The image classification example that uses the C++ client API is available at src/clients/c++/examples/image_client.cc. The Python version of the image classification client is available at src/clients/python/examples/image_client.py.
To use image_client (or image_client.py) you must first have a running Triton that is serving one or more image classification models. The image_client application requires that the model have a single image input and produce a single classification output. If you don't have a model repository with image classification models see QuickStart for instructions on how to create one.
Once Triton is running you can use the image_client application to send inference requests. You can specify a single image or a directory holding images. Here we send a request for the inception_graphdef model for an image from the qa/images.
$ image_client -m inception_graphdef -s INCEPTION qa/images/mug.jpg
Request 0, batch size 1
Image '../qa/images/mug.jpg':
0.754130 (505) = COFFEE MUG
The Python version of the application accepts the same command-line arguments.
$ python image_client.py -m inception_graphdef -s INCEPTION qa/images/mug.jpg
Request 0, batch size 1
Image '../qa/images/mug.jpg':
0.826384 (505) = COFFEE MUG
The image_client and image_client.py applications use the client libraries to talk to Triton. By default image_client instructs the client library to use HTTP/REST protocol, but you can use the GRPC protocol by providing the -i flag. You must also use the -u flag to point at the GRPC endpoint on Triton.
$ image_client -i grpc -u localhost:8001 -m inception_graphdef -s INCEPTION qa/images/mug.jpg
Request 0, batch size 1
Image '../qa/images/mug.jpg':
0.754130 (505) = COFFEE MUG
By default the client prints the most probable classification for the image. Use the -c flag to see more classifications.
$ image_client -m inception_graphdef -s INCEPTION -c 3 qa/images/mug.jpg
Request 0, batch size 1
Image '../qa/images/mug.jpg':
0.754130 (505) = COFFEE MUG
0.157077 (969) = CUP
0.002880 (968) = ESPRESSO
The -b flag allows you to send a batch of images for inferencing. The image_client application will form the batch from the image or images that you specified.
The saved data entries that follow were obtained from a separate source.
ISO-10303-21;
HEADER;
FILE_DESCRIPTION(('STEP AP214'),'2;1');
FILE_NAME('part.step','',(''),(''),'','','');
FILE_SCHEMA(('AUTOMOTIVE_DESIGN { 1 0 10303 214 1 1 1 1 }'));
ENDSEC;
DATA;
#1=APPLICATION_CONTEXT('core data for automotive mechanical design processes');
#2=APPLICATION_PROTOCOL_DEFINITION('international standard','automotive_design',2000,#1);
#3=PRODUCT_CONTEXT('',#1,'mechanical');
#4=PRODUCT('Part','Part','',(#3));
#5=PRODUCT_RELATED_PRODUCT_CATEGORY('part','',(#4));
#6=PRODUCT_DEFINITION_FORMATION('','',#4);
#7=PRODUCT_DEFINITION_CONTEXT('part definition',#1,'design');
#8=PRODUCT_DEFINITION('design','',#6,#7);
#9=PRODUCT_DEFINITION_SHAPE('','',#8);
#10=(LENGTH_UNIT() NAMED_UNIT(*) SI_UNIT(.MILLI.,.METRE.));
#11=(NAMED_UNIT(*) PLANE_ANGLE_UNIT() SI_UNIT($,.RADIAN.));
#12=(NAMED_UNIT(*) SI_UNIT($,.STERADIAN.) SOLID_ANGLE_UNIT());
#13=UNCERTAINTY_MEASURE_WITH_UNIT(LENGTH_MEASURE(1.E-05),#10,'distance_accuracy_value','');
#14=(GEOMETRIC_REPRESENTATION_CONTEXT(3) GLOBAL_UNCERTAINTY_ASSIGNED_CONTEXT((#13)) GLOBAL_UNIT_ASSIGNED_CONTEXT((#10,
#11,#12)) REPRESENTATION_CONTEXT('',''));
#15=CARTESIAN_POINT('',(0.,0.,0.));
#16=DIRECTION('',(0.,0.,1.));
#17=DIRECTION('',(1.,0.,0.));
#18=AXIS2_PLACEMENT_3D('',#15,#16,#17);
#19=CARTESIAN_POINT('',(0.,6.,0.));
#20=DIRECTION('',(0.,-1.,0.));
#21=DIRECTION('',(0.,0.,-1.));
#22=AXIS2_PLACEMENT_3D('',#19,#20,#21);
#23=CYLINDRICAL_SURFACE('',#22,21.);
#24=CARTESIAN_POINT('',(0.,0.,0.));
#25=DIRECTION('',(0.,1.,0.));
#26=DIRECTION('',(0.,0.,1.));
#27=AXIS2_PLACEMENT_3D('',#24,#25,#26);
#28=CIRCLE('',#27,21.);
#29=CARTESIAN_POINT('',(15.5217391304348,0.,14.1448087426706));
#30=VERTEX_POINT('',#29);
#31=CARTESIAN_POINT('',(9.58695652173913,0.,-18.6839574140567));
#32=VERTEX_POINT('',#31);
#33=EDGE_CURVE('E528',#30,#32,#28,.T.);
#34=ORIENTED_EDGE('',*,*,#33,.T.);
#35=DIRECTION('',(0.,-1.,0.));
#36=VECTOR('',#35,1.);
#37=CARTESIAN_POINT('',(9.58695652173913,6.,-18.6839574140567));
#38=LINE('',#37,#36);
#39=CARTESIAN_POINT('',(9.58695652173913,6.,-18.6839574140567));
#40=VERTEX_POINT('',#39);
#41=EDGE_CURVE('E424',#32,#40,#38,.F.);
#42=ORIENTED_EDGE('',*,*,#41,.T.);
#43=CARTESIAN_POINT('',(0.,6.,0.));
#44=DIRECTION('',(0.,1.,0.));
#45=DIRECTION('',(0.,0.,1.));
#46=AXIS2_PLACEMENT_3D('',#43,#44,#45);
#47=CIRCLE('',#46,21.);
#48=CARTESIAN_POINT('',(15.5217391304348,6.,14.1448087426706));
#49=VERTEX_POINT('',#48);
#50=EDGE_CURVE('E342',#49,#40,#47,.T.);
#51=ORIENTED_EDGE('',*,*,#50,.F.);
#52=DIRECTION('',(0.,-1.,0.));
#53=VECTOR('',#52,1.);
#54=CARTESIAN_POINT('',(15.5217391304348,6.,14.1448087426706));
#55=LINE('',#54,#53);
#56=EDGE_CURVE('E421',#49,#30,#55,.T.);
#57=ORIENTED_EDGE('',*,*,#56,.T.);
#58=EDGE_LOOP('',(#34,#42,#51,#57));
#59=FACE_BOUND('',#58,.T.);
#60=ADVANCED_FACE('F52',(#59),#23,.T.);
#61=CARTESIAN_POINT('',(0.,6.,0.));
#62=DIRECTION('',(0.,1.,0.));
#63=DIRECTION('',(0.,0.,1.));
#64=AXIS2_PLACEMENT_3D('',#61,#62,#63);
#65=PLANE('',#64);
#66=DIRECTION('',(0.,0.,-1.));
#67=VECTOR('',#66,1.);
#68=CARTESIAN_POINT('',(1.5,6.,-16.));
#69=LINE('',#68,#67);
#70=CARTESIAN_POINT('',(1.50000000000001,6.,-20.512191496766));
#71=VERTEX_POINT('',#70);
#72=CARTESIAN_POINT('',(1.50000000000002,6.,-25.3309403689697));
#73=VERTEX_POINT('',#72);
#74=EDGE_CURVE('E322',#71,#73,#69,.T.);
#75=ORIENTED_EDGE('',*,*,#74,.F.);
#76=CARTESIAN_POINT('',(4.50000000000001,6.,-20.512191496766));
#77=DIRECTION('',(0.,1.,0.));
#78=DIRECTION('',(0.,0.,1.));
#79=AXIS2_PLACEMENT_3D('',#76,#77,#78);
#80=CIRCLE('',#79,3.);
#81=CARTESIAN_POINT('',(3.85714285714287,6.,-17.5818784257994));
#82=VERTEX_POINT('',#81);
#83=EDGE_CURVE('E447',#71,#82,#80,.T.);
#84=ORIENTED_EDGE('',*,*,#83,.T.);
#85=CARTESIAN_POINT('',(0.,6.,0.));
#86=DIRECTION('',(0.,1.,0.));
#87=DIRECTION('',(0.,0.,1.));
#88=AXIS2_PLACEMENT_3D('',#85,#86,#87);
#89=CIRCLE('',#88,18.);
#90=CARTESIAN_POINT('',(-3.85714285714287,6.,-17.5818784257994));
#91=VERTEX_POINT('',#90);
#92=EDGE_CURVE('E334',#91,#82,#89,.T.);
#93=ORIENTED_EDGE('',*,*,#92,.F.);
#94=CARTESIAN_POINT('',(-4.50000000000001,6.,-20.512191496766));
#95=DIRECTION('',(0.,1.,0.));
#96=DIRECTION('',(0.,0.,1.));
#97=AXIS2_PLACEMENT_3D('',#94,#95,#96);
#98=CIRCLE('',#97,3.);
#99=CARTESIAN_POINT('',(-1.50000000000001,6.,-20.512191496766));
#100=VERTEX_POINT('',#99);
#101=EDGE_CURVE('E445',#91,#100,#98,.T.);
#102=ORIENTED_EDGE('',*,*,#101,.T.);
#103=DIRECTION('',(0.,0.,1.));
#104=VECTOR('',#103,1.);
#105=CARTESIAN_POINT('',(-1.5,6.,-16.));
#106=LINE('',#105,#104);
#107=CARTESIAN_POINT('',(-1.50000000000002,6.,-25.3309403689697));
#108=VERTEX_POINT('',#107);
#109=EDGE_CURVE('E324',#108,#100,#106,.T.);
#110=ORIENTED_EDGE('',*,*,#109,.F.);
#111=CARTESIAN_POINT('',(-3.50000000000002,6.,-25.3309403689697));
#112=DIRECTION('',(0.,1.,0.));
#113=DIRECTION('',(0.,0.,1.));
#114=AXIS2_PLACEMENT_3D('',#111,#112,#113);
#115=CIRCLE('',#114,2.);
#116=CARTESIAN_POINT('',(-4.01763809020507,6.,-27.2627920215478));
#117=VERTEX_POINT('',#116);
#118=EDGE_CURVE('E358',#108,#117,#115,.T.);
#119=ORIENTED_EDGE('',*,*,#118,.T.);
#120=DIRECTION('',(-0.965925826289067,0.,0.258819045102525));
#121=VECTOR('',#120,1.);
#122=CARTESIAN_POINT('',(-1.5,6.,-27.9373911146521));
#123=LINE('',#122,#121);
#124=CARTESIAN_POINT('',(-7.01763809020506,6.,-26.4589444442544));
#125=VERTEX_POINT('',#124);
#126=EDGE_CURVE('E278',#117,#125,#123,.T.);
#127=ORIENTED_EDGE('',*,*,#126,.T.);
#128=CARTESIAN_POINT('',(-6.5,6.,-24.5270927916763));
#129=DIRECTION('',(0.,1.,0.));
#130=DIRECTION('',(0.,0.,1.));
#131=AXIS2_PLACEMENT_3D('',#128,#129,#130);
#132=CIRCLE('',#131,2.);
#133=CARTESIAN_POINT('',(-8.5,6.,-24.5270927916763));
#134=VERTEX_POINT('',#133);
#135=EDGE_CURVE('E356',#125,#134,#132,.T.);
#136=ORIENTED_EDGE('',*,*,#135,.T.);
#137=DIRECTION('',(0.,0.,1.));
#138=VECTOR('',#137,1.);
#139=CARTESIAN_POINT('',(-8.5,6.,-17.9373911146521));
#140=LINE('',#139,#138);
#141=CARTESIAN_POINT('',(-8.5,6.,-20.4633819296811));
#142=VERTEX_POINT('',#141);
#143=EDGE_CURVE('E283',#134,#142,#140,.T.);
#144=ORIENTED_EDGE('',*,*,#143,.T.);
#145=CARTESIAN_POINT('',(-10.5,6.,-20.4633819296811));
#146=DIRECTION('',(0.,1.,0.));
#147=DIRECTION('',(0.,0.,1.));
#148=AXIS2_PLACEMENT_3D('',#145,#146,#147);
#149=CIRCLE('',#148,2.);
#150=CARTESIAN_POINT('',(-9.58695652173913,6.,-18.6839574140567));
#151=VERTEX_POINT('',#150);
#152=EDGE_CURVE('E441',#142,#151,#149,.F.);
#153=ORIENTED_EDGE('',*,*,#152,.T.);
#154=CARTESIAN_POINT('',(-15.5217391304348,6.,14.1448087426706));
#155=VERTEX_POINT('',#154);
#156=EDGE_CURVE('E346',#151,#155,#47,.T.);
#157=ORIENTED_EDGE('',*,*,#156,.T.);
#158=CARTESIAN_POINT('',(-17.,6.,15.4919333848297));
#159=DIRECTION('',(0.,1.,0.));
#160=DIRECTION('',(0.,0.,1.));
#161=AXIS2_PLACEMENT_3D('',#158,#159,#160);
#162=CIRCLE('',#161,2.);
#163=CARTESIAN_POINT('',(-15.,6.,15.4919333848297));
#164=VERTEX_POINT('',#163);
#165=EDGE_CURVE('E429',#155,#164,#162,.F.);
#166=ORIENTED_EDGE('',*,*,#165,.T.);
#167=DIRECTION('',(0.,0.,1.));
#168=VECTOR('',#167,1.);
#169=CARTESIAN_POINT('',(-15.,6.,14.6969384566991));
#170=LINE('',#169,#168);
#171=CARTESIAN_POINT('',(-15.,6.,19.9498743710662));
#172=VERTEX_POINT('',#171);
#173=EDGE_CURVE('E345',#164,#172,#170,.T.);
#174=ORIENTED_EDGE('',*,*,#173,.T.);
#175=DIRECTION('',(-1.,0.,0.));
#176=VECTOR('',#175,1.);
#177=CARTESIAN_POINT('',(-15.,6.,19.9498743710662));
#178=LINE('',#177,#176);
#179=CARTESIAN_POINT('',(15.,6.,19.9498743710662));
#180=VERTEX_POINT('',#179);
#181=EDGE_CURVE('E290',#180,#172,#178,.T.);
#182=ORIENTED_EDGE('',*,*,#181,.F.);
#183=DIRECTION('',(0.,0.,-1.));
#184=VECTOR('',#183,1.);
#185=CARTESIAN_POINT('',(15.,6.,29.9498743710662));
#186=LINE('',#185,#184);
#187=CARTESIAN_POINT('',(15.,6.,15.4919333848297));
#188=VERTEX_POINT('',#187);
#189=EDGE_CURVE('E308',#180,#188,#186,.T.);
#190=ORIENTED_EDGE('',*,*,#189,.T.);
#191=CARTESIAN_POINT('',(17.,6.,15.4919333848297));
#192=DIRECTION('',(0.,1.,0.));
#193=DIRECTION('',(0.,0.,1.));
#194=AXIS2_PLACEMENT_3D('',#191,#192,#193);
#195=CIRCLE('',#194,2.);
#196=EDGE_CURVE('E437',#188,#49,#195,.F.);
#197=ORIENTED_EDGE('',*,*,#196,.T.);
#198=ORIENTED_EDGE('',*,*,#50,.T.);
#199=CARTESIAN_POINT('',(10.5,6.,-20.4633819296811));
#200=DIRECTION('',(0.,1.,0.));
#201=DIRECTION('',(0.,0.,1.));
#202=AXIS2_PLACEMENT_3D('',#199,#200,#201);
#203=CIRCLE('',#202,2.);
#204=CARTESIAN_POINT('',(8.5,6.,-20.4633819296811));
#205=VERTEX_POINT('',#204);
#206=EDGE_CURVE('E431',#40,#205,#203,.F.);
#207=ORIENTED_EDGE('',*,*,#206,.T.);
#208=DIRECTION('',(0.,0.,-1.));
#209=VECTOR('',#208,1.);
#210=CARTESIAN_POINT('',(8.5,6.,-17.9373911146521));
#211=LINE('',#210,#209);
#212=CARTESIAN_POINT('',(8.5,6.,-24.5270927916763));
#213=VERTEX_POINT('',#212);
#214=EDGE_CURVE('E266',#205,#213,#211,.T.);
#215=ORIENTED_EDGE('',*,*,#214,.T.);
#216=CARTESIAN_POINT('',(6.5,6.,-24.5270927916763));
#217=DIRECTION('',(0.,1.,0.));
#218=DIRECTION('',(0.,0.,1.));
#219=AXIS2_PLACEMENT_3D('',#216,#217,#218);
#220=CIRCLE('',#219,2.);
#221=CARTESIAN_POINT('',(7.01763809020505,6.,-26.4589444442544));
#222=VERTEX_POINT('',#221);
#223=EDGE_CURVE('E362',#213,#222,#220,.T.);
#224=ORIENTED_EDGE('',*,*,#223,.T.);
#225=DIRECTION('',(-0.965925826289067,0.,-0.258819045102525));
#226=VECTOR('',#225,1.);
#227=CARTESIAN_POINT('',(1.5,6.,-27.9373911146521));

If the batch is bigger than the number of images then image_client will just repeat the images to fill the batch.
$ image_client -m inception_graphdef -s INCEPTION -c 3 -b 2 qa/images/mug.jpg
Request 0, batch size 2
Image '../qa/images/mug.jpg':
0.754130 (505) = COFFEE MUG
0.157077 (969) = CUP
0.002880 (968) = ESPRESSO
Image '../qa/images/mug.jpg':
0.754130 (505) = COFFEE MUG
0.157077 (969) = CUP
0.002880 (968) = ESPRESSO
Provide a directory instead of a single image to perform inferencing on all images in the directory.
$ image_client -m inception_graphdef -s INCEPTION -c 3 -b 2 qa/images
Request 0, batch size 2
Image '/opt/tritonserver/qa/images/car.jpg':
0.819196 (818) = SPORTS CAR
0.033457 (437) = BEACH WAGON
0.031232 (480) = CAR WHEEL
Image '/opt/tritonserver/qa/images/mug.jpg':
0.754130 (505) = COFFEE MUG
0.157077 (969) = CUP
0.002880 (968) = ESPRESSO
Request 1, batch size 2
Image '/opt/tritonserver/qa/images/vulture.jpeg':
0.977632 (24) = VULTURE
0.000613 (9) = HEN
0.000560 (137) = EUROPEAN GALLINULE
Image '/opt/tritonserver/qa/images/car.jpg':
0.819196 (818) = SPORTS CAR
0.033457 (437) = BEACH WAGON
0.031232 (480) = CAR WHEEL
The grpc_image_client.py application behaves the same as the image_client except that instead of using the client library it uses the GRPC generated library to communicate with Triton.
In comparison to the image classification example above, this example uses an ensemble of an image-preprocessing model implemented as a DALI backend and a TensorFlow Inception model. The ensemble model allows you to send the raw image binaries in the request and receive classification results without preprocessing the images on the client.
To try this example you should follow the DALI ensemble example instructions.